I just got a WM-8650 but mine has a full keyboard and is not touch screen, Ran Gingerbreak and rooted without a hitch. remember to turn on USB debugging. Will probably bring some support to this device also, time depending.


----------



## milindlokde (Jan 9, 2012)

*Got it working*



milindlokde said:


> Hello,
> I am having WM8650 10-inch tablet. It has green led and no vibration. I have downloaded the Uberoid ROM but can't identify my Tablet from the list. I tried 'factory reset' on the tablet, but now the tablet is always showing the 'Restoring factory data..' screen and it can't go any further.
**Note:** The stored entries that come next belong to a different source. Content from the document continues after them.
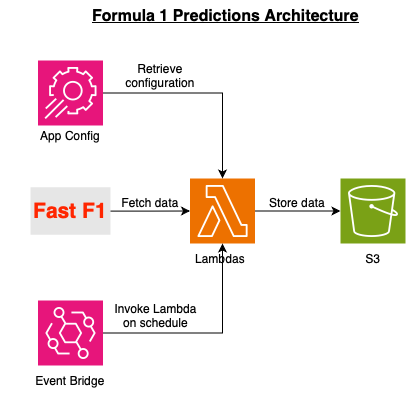

The diagram above was exported from draw.io. Its source (the exported page's mxGraphModel, read from the mxfile embedded in the PNG):
<mxGraphModel dx="946" dy="629" grid="1" gridSize="10" guides="1" tooltips="1" connect="1" arrows="1" fold="1" page="1" pageScale="1" pageWidth="850" pageHeight="1100" math="0" shadow="0">
  <root>
    <mxCell id="0" />
    <mxCell id="1" parent="0" />
    <mxCell id="h74sqrlDAb57Sg5lusOz-1" value="&lt;b style=&quot;caret-color: rgb(0, 0, 0); color: rgb(0, 0, 0); font-family: Helvetica; font-size: 16px; font-style: normal; font-variant-caps: normal; letter-spacing: normal; orphans: auto; text-align: center; text-indent: 0px; text-transform: none; white-space: normal; widows: auto; word-spacing: 0px; -webkit-text-stroke-width: 0px; text-decoration: none;&quot;&gt;&lt;u&gt;Formula 1 Predictions Architecture&lt;/u&gt;&lt;/b&gt;" style="text;whiteSpace=wrap;html=1;" vertex="1" parent="1">
      <mxGeometry x="300" y="20" width="300" height="40" as="geometry" />
    </mxCell>
    <mxCell id="h74sqrlDAb57Sg5lusOz-2" value="&lt;b&gt;&lt;font style=&quot;color: rgb(255, 38, 0); font-size: 21px;&quot;&gt;Fast F1&lt;/font&gt;&lt;/b&gt;" style="text;html=1;align=center;verticalAlign=middle;whiteSpace=wrap;rounded=0;fillColor=#E6E6E6;" vertex="1" parent="1">
      <mxGeometry x="240" y="206.75" width="80" height="47.5" as="geometry" />
    </mxCell>
    <mxCell id="h74sqrlDAb57Sg5lusOz-3" value="" style="sketch=0;points=[[0,0,0],[0.25,0,0],[0.5,0,0],[0.75,0,0],[1,0,0],[0,1,0],[0.25,1,0],[0.5,1,0],[0.75,1,0],[1,1,0],[0,0.25,0],[0,0.5,0],[0,0.75,0],[1,0.25,0],[1,0.5,0],[1,0.75,0]];outlineConnect=0;fontColor=#232F3E;fillColor=#ED7100;strokeColor=#ffffff;dashed=0;verticalLabelPosition=bottom;verticalAlign=top;align=center;html=1;fontSize=12;fontStyle=0;aspect=fixed;shape=mxgraph.aws4.resourceIcon;resIcon=mxgraph.aws4.lambda;" vertex="1" parent="1">
      <mxGeometry x="399.5" y="198" width="65" height="65" as="geometry" />
    </mxCell>
    <mxCell id="h74sqrlDAb57Sg5lusOz-4" value="" style="sketch=0;points=[[0,0,0],[0.25,0,0],[0.5,0,0],[0.75,0,0],[1,0,0],[0,1,0],[0.25,1,0],[0.5,1,0],[0.75,1,0],[1,1,0],[0,0.25,0],[0,0.5,0],[0,0.75,0],[1,0.25,0],[1,0.5,0],[1,0.75,0]];outlineConnect=0;fontColor=#232F3E;fillColor=#7AA116;strokeColor=#ffffff;dashed=0;verticalLabelPosition=bottom;verticalAlign=top;align=center;html=1;fontSize=12;fontStyle=0;aspect=fixed;shape=mxgraph.aws4.resourceIcon;resIcon=mxgraph.aws4.s3;" vertex="1" parent="1">
      <mxGeometry x="550" y="198" width="65" height="65" as="geometry" />
    </mxCell>
    <mxCell id="h74sqrlDAb57Sg5lusOz-5" value="Lambdas" style="text;html=1;align=center;verticalAlign=middle;whiteSpace=wrap;rounded=0;" vertex="1" parent="1">
      <mxGeometry x="399.5" y="263" width="60" height="30" as="geometry" />
    </mxCell>
    <mxCell id="h74sqrlDAb57Sg5lusOz-6" value="S3" style="text;html=1;align=center;verticalAlign=middle;whiteSpace=wrap;rounded=0;" vertex="1" parent="1">
      <mxGeometry x="552.5" y="263" width="60" height="30" as="geometry" />
    </mxCell>
    <mxCell id="h74sqrlDAb57Sg5lusOz-12" style="edgeStyle=orthogonalEdgeStyle;rounded=0;orthogonalLoop=1;jettySize=auto;html=1;" edge="1" parent="1" source="h74sqrlDAb57Sg5lusOz-7" target="h74sqrlDAb57Sg5lusOz-3">
      <mxGeometry relative="1" as="geometry" />
    </mxCell>
    <mxCell id="h74sqrlDAb57Sg5lusOz-7" value="" style="sketch=0;points=[[0,0,0],[0.25,0,0],[0.5,0,0],[0.75,0,0],[1,0,0],[0,1,0],[0.25,1,0],[0.5,1,0],[0.75,1,0],[1,1,0],[0,0.25,0],[0,0.5,0],[0,0.75,0],[1,0.25,0],[1,0.5,0],[1,0.75,0]];points=[[0,0,0],[0.25,0,0],[0.5,0,0],[0.75,0,0],[1,0,0],[0,1,0],[0.25,1,0],[0.5,1,0],[0.75,1,0],[1,1,0],[0,0.25,0],[0,0.5,0],[0,0.75,0],[1,0.25,0],[1,0.5,0],[1,0.75,0]];outlineConnect=0;fontColor=#232F3E;fillColor=#E7157B;strokeColor=#ffffff;dashed=0;verticalLabelPosition=bottom;verticalAlign=top;align=center;html=1;fontSize=12;fontStyle=0;aspect=fixed;shape=mxgraph.aws4.resourceIcon;resIcon=mxgraph.aws4.app_config;" vertex="1" parent="1">
      <mxGeometry x="247.5" y="80" width="65" height="65" as="geometry" />
    </mxCell>
    <mxCell id="h74sqrlDAb57Sg5lusOz-8" value="App Config" style="text;html=1;align=center;verticalAlign=middle;whiteSpace=wrap;rounded=0;" vertex="1" parent="1">
      <mxGeometry x="210" y="140" width="140" height="30" as="geometry" />
    </mxCell>
    <mxCell id="h74sqrlDAb57Sg5lusOz-9" value="" style="endArrow=classic;html=1;rounded=0;entryX=0;entryY=0.5;entryDx=0;entryDy=0;entryPerimeter=0;exitX=1;exitY=0.5;exitDx=0;exitDy=0;exitPerimeter=0;" edge="1" parent="1" source="h74sqrlDAb57Sg5lusOz-3" target="h74sqrlDAb57Sg5lusOz-4">
      <mxGeometry width="50" height="50" relative="1" as="geometry">
        <mxPoint x="400" y="180" as="sourcePoint" />
        <mxPoint x="450" y="130" as="targetPoint" />
      </mxGeometry>
    </mxCell>
    <mxCell id="h74sqrlDAb57Sg5lusOz-10" style="edgeStyle=orthogonalEdgeStyle;rounded=0;orthogonalLoop=1;jettySize=auto;html=1;entryX=0;entryY=0.5;entryDx=0;entryDy=0;entryPerimeter=0;" edge="1" parent="1" source="h74sqrlDAb57Sg5lusOz-2" target="h74sqrlDAb57Sg5lusOz-3">
      <mxGeometry relative="1" as="geometry" />
    </mxCell>
    <mxCell id="h74sqrlDAb57Sg5lusOz-13" value="Retrieve configuration" style="text;html=1;align=center;verticalAlign=middle;whiteSpace=wrap;rounded=0;" vertex="1" parent="1">
      <mxGeometry x="339.5" y="80" width="60" height="30" as="geometry" />
    </mxCell>
    <mxCell id="h74sqrlDAb57Sg5lusOz-14" value="Fetch data" style="text;html=1;align=center;verticalAlign=middle;whiteSpace=wrap;rounded=0;" vertex="1" parent="1">
      <mxGeometry x="330" y="206.75" width="60" height="30" as="geometry" />
    </mxCell>
    <mxCell id="h74sqrlDAb57Sg5lusOz-15" value="Store data" style="text;html=1;align=center;verticalAlign=middle;whiteSpace=wrap;rounded=0;" vertex="1" parent="1">
      <mxGeometry x="477" y="206.75" width="60" height="30" as="geometry" />
    </mxCell>
    <mxCell id="h74sqrlDAb57Sg5lusOz-19" style="edgeStyle=orthogonalEdgeStyle;rounded=0;orthogonalLoop=1;jettySize=auto;html=1;" edge="1" parent="1" source="h74sqrlDAb57Sg5lusOz-16" target="h74sqrlDAb57Sg5lusOz-3">
      <mxGeometry relative="1" as="geometry" />
    </mxCell>
    <mxCell id="h74sqrlDAb57Sg5lusOz-16" value="" style="sketch=0;points=[[0,0,0],[0.25,0,0],[0.5,0,0],[0.75,0,0],[1,0,0],[0,1,0],[0.25,1,0],[0.5,1,0],[0.75,1,0],[1,1,0],[0,0.25,0],[0,0.5,0],[0,0.75,0],[1,0.25,0],[1,0.5,0],[1,0.75,0]];outlineConnect=0;fontColor=#232F3E;fillColor=#E7157B;strokeColor=#ffffff;dashed=0;verticalLabelPosition=bottom;verticalAlign=top;align=center;html=1;fontSize=12;fontStyle=0;aspect=fixed;shape=mxgraph.aws4.resourceIcon;resIcon=mxgraph.aws4.eventbridge;" vertex="1" parent="1">
      <mxGeometry x="247.5" y="320" width="65" height="65" as="geometry" />
    </mxCell>
    <mxCell id="h74sqrlDAb57Sg5lusOz-17" value="Event Bridge" style="text;html=1;align=center;verticalAlign=middle;whiteSpace=wrap;rounded=0;" vertex="1" parent="1">
      <mxGeometry x="210" y="385" width="140" height="30" as="geometry" />
    </mxCell>
    <mxCell id="h74sqrlDAb57Sg5lusOz-20" value="Invoke Lambda on schedule" style="text;html=1;align=center;verticalAlign=middle;whiteSpace=wrap;rounded=0;" vertex="1" parent="1">
      <mxGeometry x="320" y="320" width="90.5" height="30" as="geometry" />
    </mxCell>
  </root>
</mxGraphModel>

Even after coping the Uberoid ROM on SDCARD, it still continues showing 'factory reset..' screen. (I had tried rooting this device uisng 'z4root'. This may be the reason it has hanged on factory reset.')
> 
> Please help me get this Tablet out of this loop.

Click to collapse



I got it working with uberoid v10/v11beta3.  The mistake I was doing was coping the ROM and running it on the same SD card. Now I copied the ROM to Computer, ran 'changer.bat' on computer, then let the 'changer.bat' script copy the ROM to SDCARD. Now the issue is my camera is not working and it hangs android. Also the screen remains inverted whichever way I turn it and the touch response is on opposite side of screen. These all with option 19 - M013S. I have registered on the Uberoid forum and posted it there. I tried finding original ROM from www.wm8650.net the site is too slow with my GPRS connection.


----------



## roland boyd (Jan 10, 2012)

uberoid bricked my device and seller won't replace. So be careful on what you flash



Sent from my Nexus S using xda premium


----------



## nickmcminn60 (Jan 11, 2012)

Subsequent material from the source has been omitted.